--- Records to process Enclosed Below ---

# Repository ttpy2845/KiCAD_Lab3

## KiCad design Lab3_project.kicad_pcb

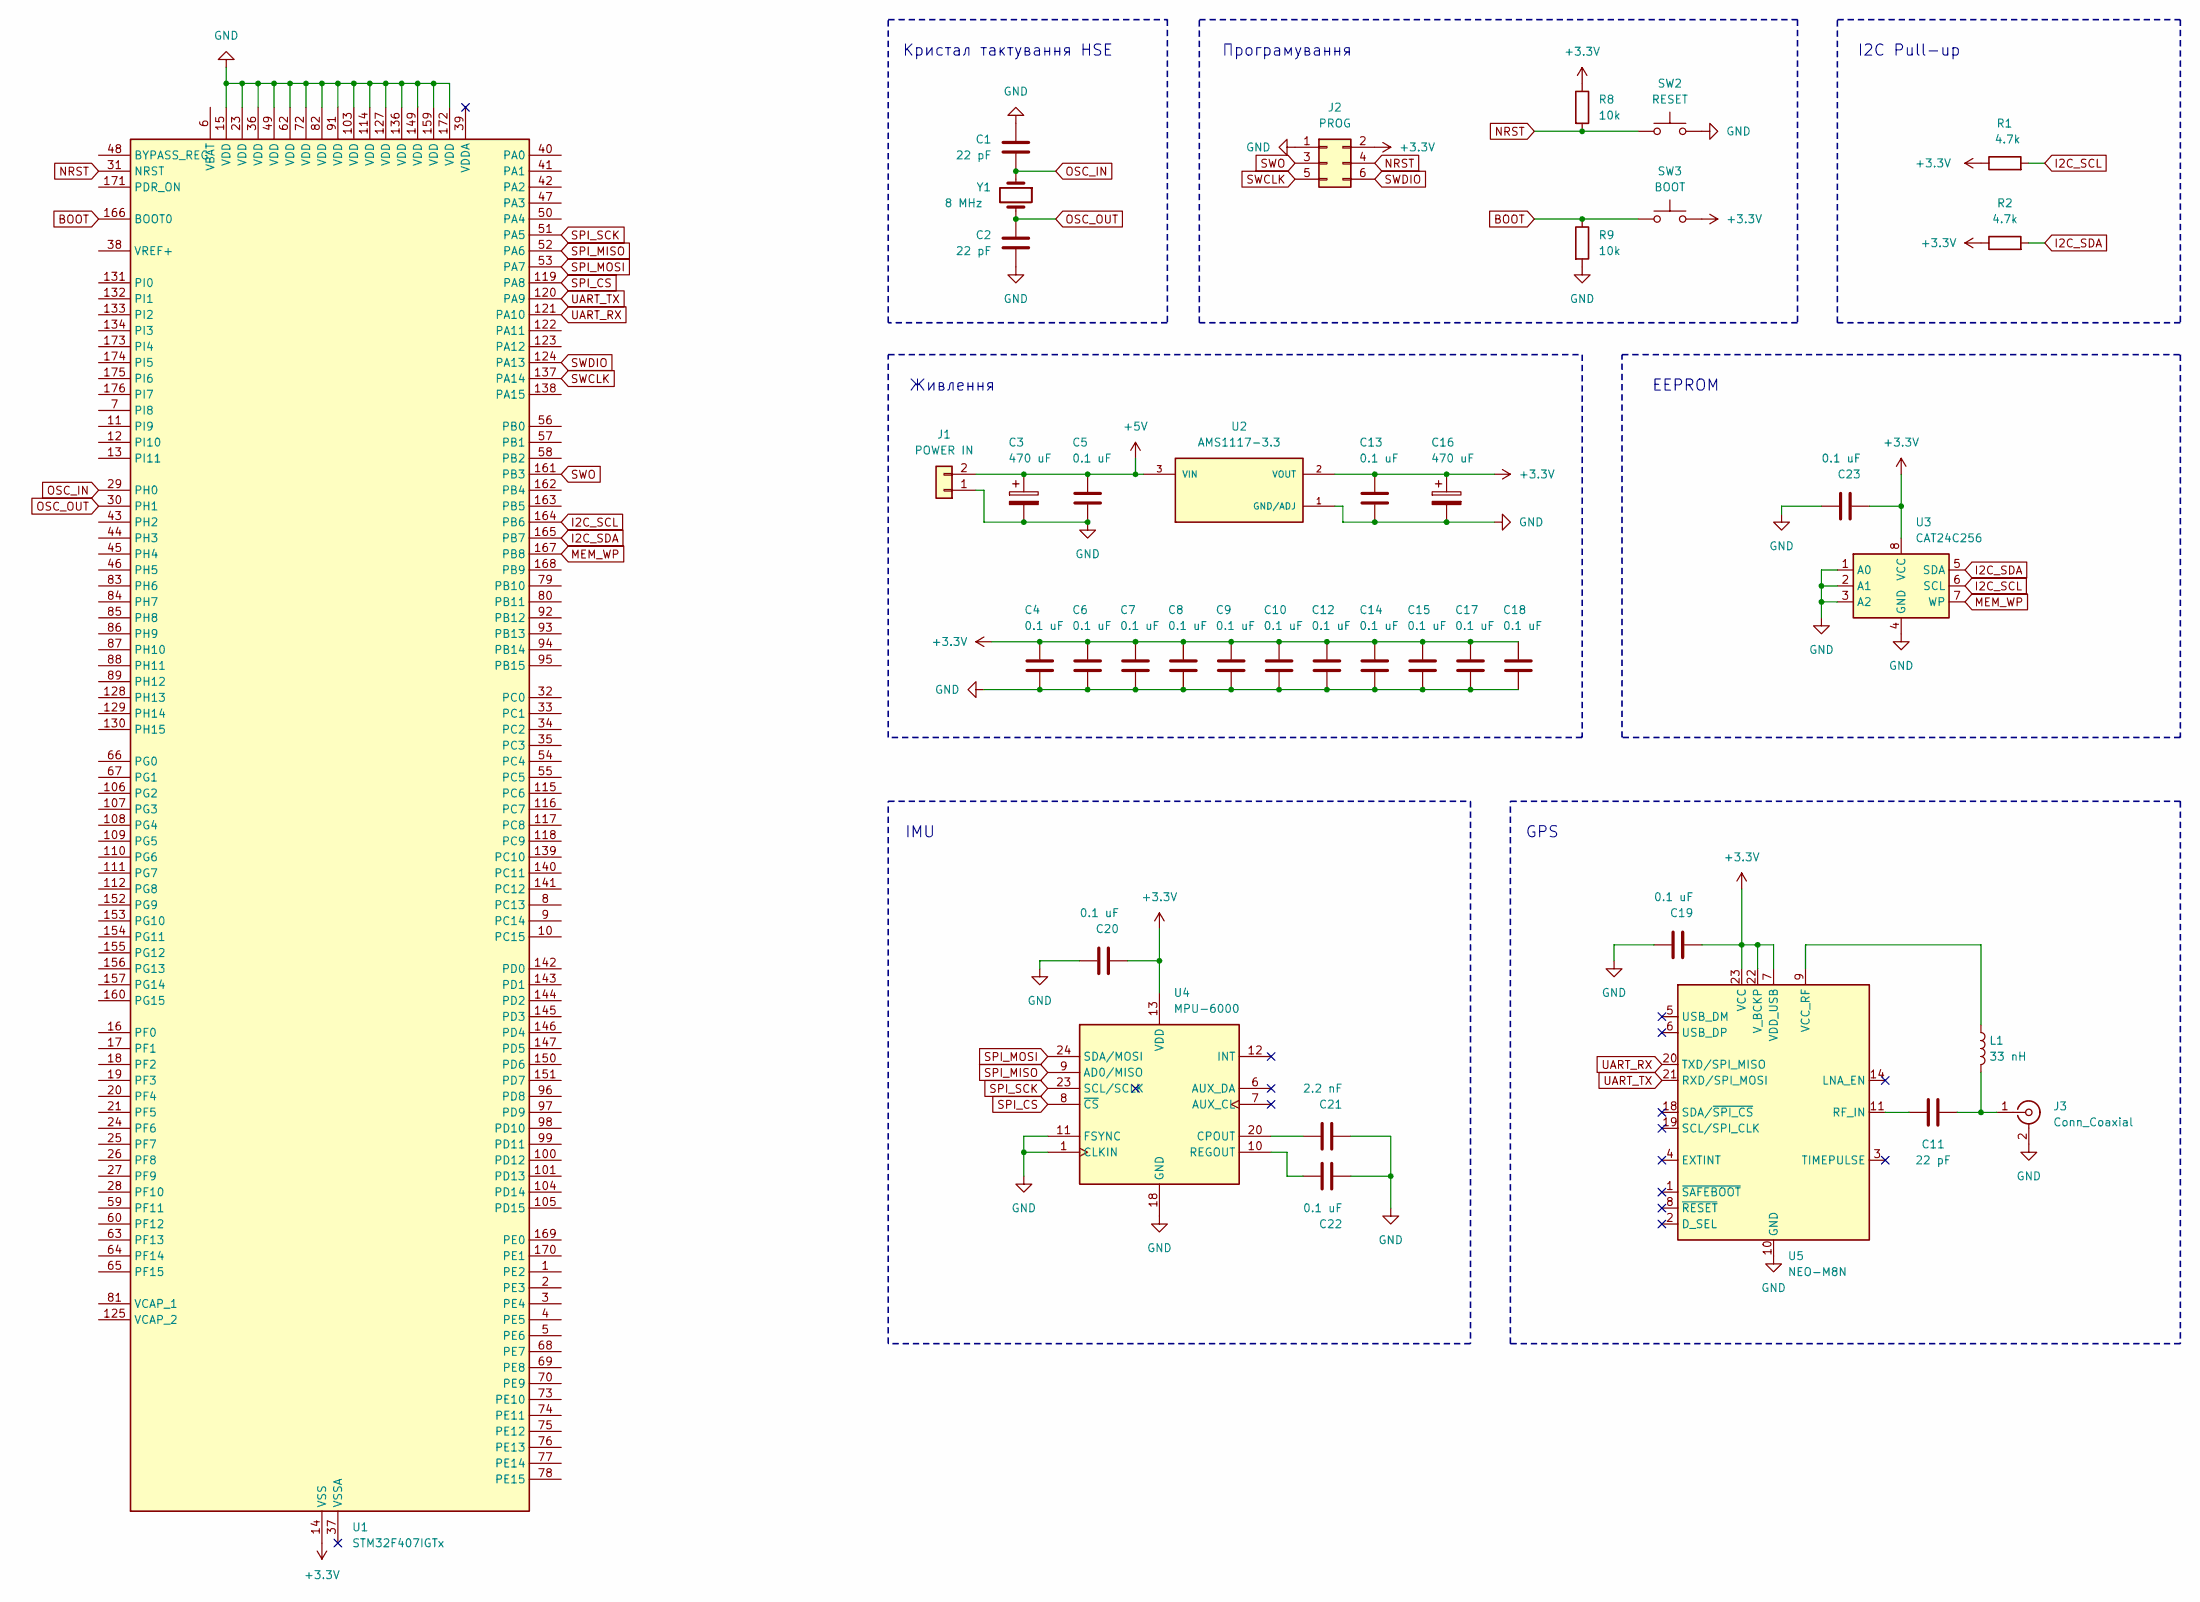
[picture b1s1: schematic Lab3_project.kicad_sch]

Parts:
C1, C2: 22 pF; C_1206_3216Metric_Pad1.33x1.80mm_HandSolder
C3, C16: 470 uF; CP_Radial_D8.0mm_P3.80mm
C4, C6, C7, C8, C9, C10, C12, C14, C15, C17, C18, C19, C20, C22, C23: 0.1 uF; C_0805_2012Metric_Pad1.18x1.45mm_HandSolder
C5, C13: 0.1 uF; C_1206_3216Metric_Pad1.33x1.80mm_HandSolder
C11: 22 pF; C_0805_2012Metric_Pad1.18x1.45mm_HandSolder
C21: 2.2 nF; C_0805_2012Metric_Pad1.18x1.45mm_HandSolder
J1: POWER IN; JST_XH_B2B-XH-A_1x02_P2.50mm_Vertical
J2: PROG; PinHeader_2x03_P2.54mm_Vertical
J3: Conn_Coaxial; SMA_Molex_73251-1153_EdgeMount_Horizontal
L1: 33 nH; L_0805_2012Metric_Pad1.15x1.40mm_HandSolder
R1, R2: 4.7k; R_1206_3216Metric_Pad1.30x1.75mm_HandSolder
R8, R9: 10k; R_1206_3216Metric_Pad1.30x1.75mm_HandSolder
SW2: RESET; SW_PUSH_6mm_H5mm
SW3: BOOT; SW_PUSH_6mm_H5mm
U1: STM32F407IGTx; LQFP-176_24x24mm_P0.5mm
U2: AMS1117-3.3; SOT-223-3_TabPin2; PARTREV N/A
U3: CAT24C256; SOIC-8_3.9x4.9mm_P1.27mm
U4: MPU-6000; InvenSense_QFN-24_4x4mm_P0.5mm
U5: NEO-M8N; ublox_NEO
Y1: 8 MHz; Crystal_HC18-U_Vertical

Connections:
+3.3V: C4.1, C6.1, C7.1, C8.1, C9.1, C10.1, C12.1, C13.1, C14.1, C15.1, C16.1, C17.1, C18.1, C19.2, C20.2, C23.2, J2.2, R1.1, R2.1, R8.1, SW3.2, U1.14 (VSS), U1.22 (VSS), U1.61 (VSS), U1.71 (VSS), U1.90 (VSS), U1.102 (VSS), U1.113 (VSS), U1.126 (VSS), U1.135 (VSS), U1.148 (VSS), U1.158 (VSS), U2.2 (VOUT), U3.8 (VCC), U4.13 (VDD), U5.7 (VDD_USB), U5.22 (V_BCKP), U5.23 (VCC)
+5V: C3.1, C5.1, J1.2, U2.3 (VIN)
BOOT: R9.1, SW3.1, U1.166 (BOOT0)
GND: C1.1, C2.2, C3.2, C4.2, C5.2, C6.2, C7.2, C8.2, C9.2, C10.2, C12.2, C13.2, C14.2, C15.2, C16.2, C17.2, C18.2, C19.1, C20.1, C21.2, C22.2, C23.1, J1.1, J2.1, J3.2 (Ext), R9.2, SW2.2, U1.15 (VDD), U1.23 (VDD), U1.36 (VDD), U1.49 (VDD), U1.62 (VDD), U1.72 (VDD), U1.82 (VDD), U1.91 (VDD), U1.103 (VDD), U1.114 (VDD), U1.127 (VDD), U1.136 (VDD), U1.149 (VDD), U1.159 (VDD), U1.172 (VDD), U2.1 (GND/ADJ), U3.1 (A0), U3.2 (A1), U3.3 (A2), U3.4 (GND), U4.1 (CLKIN), U4.11 (FSYNC), U4.18 (GND), U5.10 (GND), U5.12 (GND), U5.13 (GND), U5.24 (GND)
I2C_SCL: R1.2, U1.164 (PB6), U3.6 (SCL)
I2C_SDA: R2.2, U1.165 (PB7), U3.5 (SDA)
MEM_WP: U1.167 (PB8), U3.7 (WP)
NRST: J2.4, R8.2, SW2.1, U1.31 (NRST)
unnamed: C11.2, J3.1 (In), L1.2
unnamed: C21.1, U4.20 (CPOUT)
unnamed: C22.1, U4.10 (REGOUT)
unnamed: C11.1, U5.11 (RF_IN)
unnamed: L1.1, U5.9 (VCC_RF)
OSC_IN: C1.2, U1.29 (PH0), Y1.1
OSC_OUT: C2.1, U1.30 (PH1), Y1.2
SPI_CS: U1.119 (PA8), U4.8 (~CS)
SPI_MISO: U1.52 (PA6), U4.9 (AD0/MISO)
SPI_MOSI: U1.53 (PA7), U4.24 (SDA/MOSI)
SPI_SCK: U1.51 (PA5), U4.23 (SCL/SCLK)
SWCLK: J2.5, U1.137 (PA14)
SWDIO: J2.6, U1.124 (PA13)
SWO: J2.3, U1.161 (PB3)
UART_RX: U1.121 (PA10), U5.20 (TXD/SPI_MISO)
UART_TX: U1.120 (PA9), U5.21 (RXD/SPI_MOSI)

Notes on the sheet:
I2C Pull-up
EEPROM
GPS
Живлення
Програмування
IMU
Кристал тактування HSE

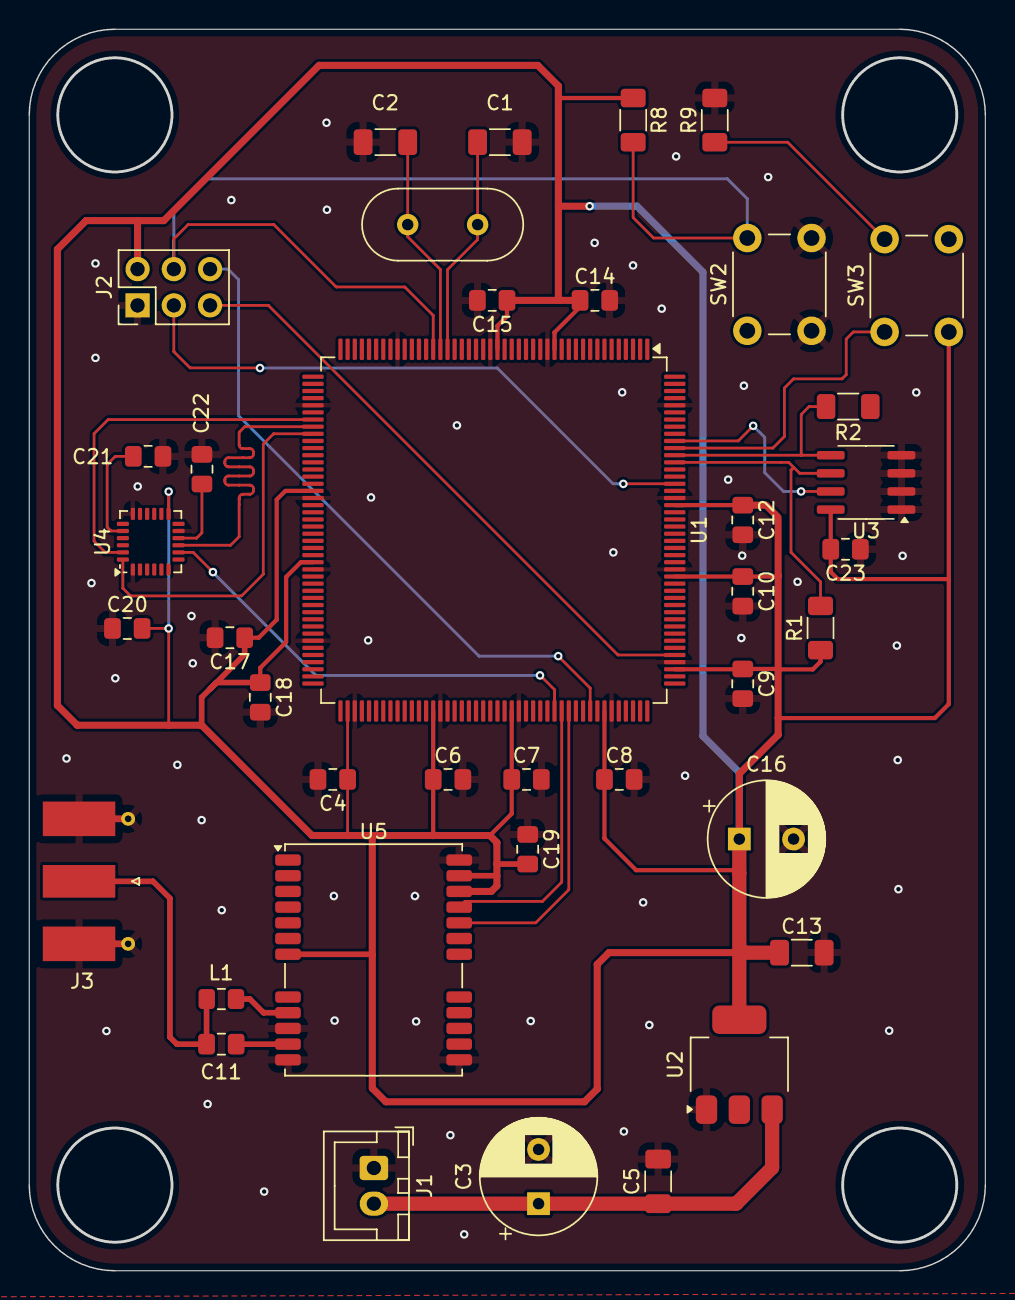
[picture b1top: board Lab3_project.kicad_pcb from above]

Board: 2 copper layers, 66.9 x 86.9 mm, 39 parts (0 on the bottom side), 24 nets.

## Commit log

2026-04-17 Init commit
2026-04-17 Complete scheme, add footprints
2026-04-20 Trace route
2026-04-29 fix gnd zone
2026-04-29 точно останній

--- End of Enclosed Records to process ---

§ **Exercise prompt**: The expected response is every entry above, repeated exactly, pictures removed.

§ **The answer**:
# Repository ttpy2845/KiCAD_Lab3

## KiCad design Lab3_project.kicad_pcb

[picture b1s1: schematic Lab3_project.kicad_sch]

Parts:
C1, C2: 22 pF; C_1206_3216Metric_Pad1.33x1.80mm_HandSolder
C3, C16: 470 uF; CP_Radial_D8.0mm_P3.80mm
C4, C6, C7, C8, C9, C10, C12, C14, C15, C17, C18, C19, C20, C22, C23: 0.1 uF; C_0805_2012Metric_Pad1.18x1.45mm_HandSolder
C5, C13: 0.1 uF; C_1206_3216Metric_Pad1.33x1.80mm_HandSolder
C11: 22 pF; C_0805_2012Metric_Pad1.18x1.45mm_HandSolder
C21: 2.2 nF; C_0805_2012Metric_Pad1.18x1.45mm_HandSolder
J1: POWER IN; JST_XH_B2B-XH-A_1x02_P2.50mm_Vertical
J2: PROG; PinHeader_2x03_P2.54mm_Vertical
J3: Conn_Coaxial; SMA_Molex_73251-1153_EdgeMount_Horizontal
L1: 33 nH; L_0805_2012Metric_Pad1.15x1.40mm_HandSolder
R1, R2: 4.7k; R_1206_3216Metric_Pad1.30x1.75mm_HandSolder
R8, R9: 10k; R_1206_3216Metric_Pad1.30x1.75mm_HandSolder
SW2: RESET; SW_PUSH_6mm_H5mm
SW3: BOOT; SW_PUSH_6mm_H5mm
U1: STM32F407IGTx; LQFP-176_24x24mm_P0.5mm
U2: AMS1117-3.3; SOT-223-3_TabPin2; PARTREV N/A
U3: CAT24C256; SOIC-8_3.9x4.9mm_P1.27mm
U4: MPU-6000; InvenSense_QFN-24_4x4mm_P0.5mm
U5: NEO-M8N; ublox_NEO
Y1: 8 MHz; Crystal_HC18-U_Vertical

Connections:
+3.3V: C4.1, C6.1, C7.1, C8.1, C9.1, C10.1, C12.1, C13.1, C14.1, C15.1, C16.1, C17.1, C18.1, C19.2, C20.2, C23.2, J2.2, R1.1, R2.1, R8.1, SW3.2, U1.14 (VSS), U1.22 (VSS), U1.61 (VSS), U1.71 (VSS), U1.90 (VSS), U1.102 (VSS), U1.113 (VSS), U1.126 (VSS), U1.135 (VSS), U1.148 (VSS), U1.158 (VSS), U2.2 (VOUT), U3.8 (VCC), U4.13 (VDD), U5.7 (VDD_USB), U5.22 (V_BCKP), U5.23 (VCC)
+5V: C3.1, C5.1, J1.2, U2.3 (VIN)
BOOT: R9.1, SW3.1, U1.166 (BOOT0)
GND: C1.1, C2.2, C3.2, C4.2, C5.2, C6.2, C7.2, C8.2, C9.2, C10.2, C12.2, C13.2, C14.2, C15.2, C16.2, C17.2, C18.2, C19.1, C20.1, C21.2, C22.2, C23.1, J1.1, J2.1, J3.2 (Ext), R9.2, SW2.2, U1.15 (VDD), U1.23 (VDD), U1.36 (VDD), U1.49 (VDD), U1.62 (VDD), U1.72 (VDD), U1.82 (VDD), U1.91 (VDD), U1.103 (VDD), U1.114 (VDD), U1.127 (VDD), U1.136 (VDD), U1.149 (VDD), U1.159 (VDD), U1.172 (VDD), U2.1 (GND/ADJ), U3.1 (A0), U3.2 (A1), U3.3 (A2), U3.4 (GND), U4.1 (CLKIN), U4.11 (FSYNC), U4.18 (GND), U5.10 (GND), U5.12 (GND), U5.13 (GND), U5.24 (GND)
I2C_SCL: R1.2, U1.164 (PB6), U3.6 (SCL)
I2C_SDA: R2.2, U1.165 (PB7), U3.5 (SDA)
MEM_WP: U1.167 (PB8), U3.7 (WP)
NRST: J2.4, R8.2, SW2.1, U1.31 (NRST)
unnamed: C11.2, J3.1 (In), L1.2
unnamed: C21.1, U4.20 (CPOUT)
unnamed: C22.1, U4.10 (REGOUT)
unnamed: C11.1, U5.11 (RF_IN)
unnamed: L1.1, U5.9 (VCC_RF)
OSC_IN: C1.2, U1.29 (PH0), Y1.1
OSC_OUT: C2.1, U1.30 (PH1), Y1.2
SPI_CS: U1.119 (PA8), U4.8 (~CS)
SPI_MISO: U1.52 (PA6), U4.9 (AD0/MISO)
SPI_MOSI: U1.53 (PA7), U4.24 (SDA/MOSI)
SPI_SCK: U1.51 (PA5), U4.23 (SCL/SCLK)
SWCLK: J2.5, U1.137 (PA14)
SWDIO: J2.6, U1.124 (PA13)
SWO: J2.3, U1.161 (PB3)
UART_RX: U1.121 (PA10), U5.20 (TXD/SPI_MISO)
UART_TX: U1.120 (PA9), U5.21 (RXD/SPI_MOSI)

Notes on the sheet:
I2C Pull-up
EEPROM
GPS
Живлення
Програмування
IMU
Кристал тактування HSE

[picture b1top: board Lab3_project.kicad_pcb from above]

Board: 2 copper layers, 66.9 x 86.9 mm, 39 parts (0 on the bottom side), 24 nets.

## Commit log

2026-04-17 Init commit
2026-04-17 Complete scheme, add footprints
2026-04-20 Trace route
2026-04-29 fix gnd zone
2026-04-29 точно останній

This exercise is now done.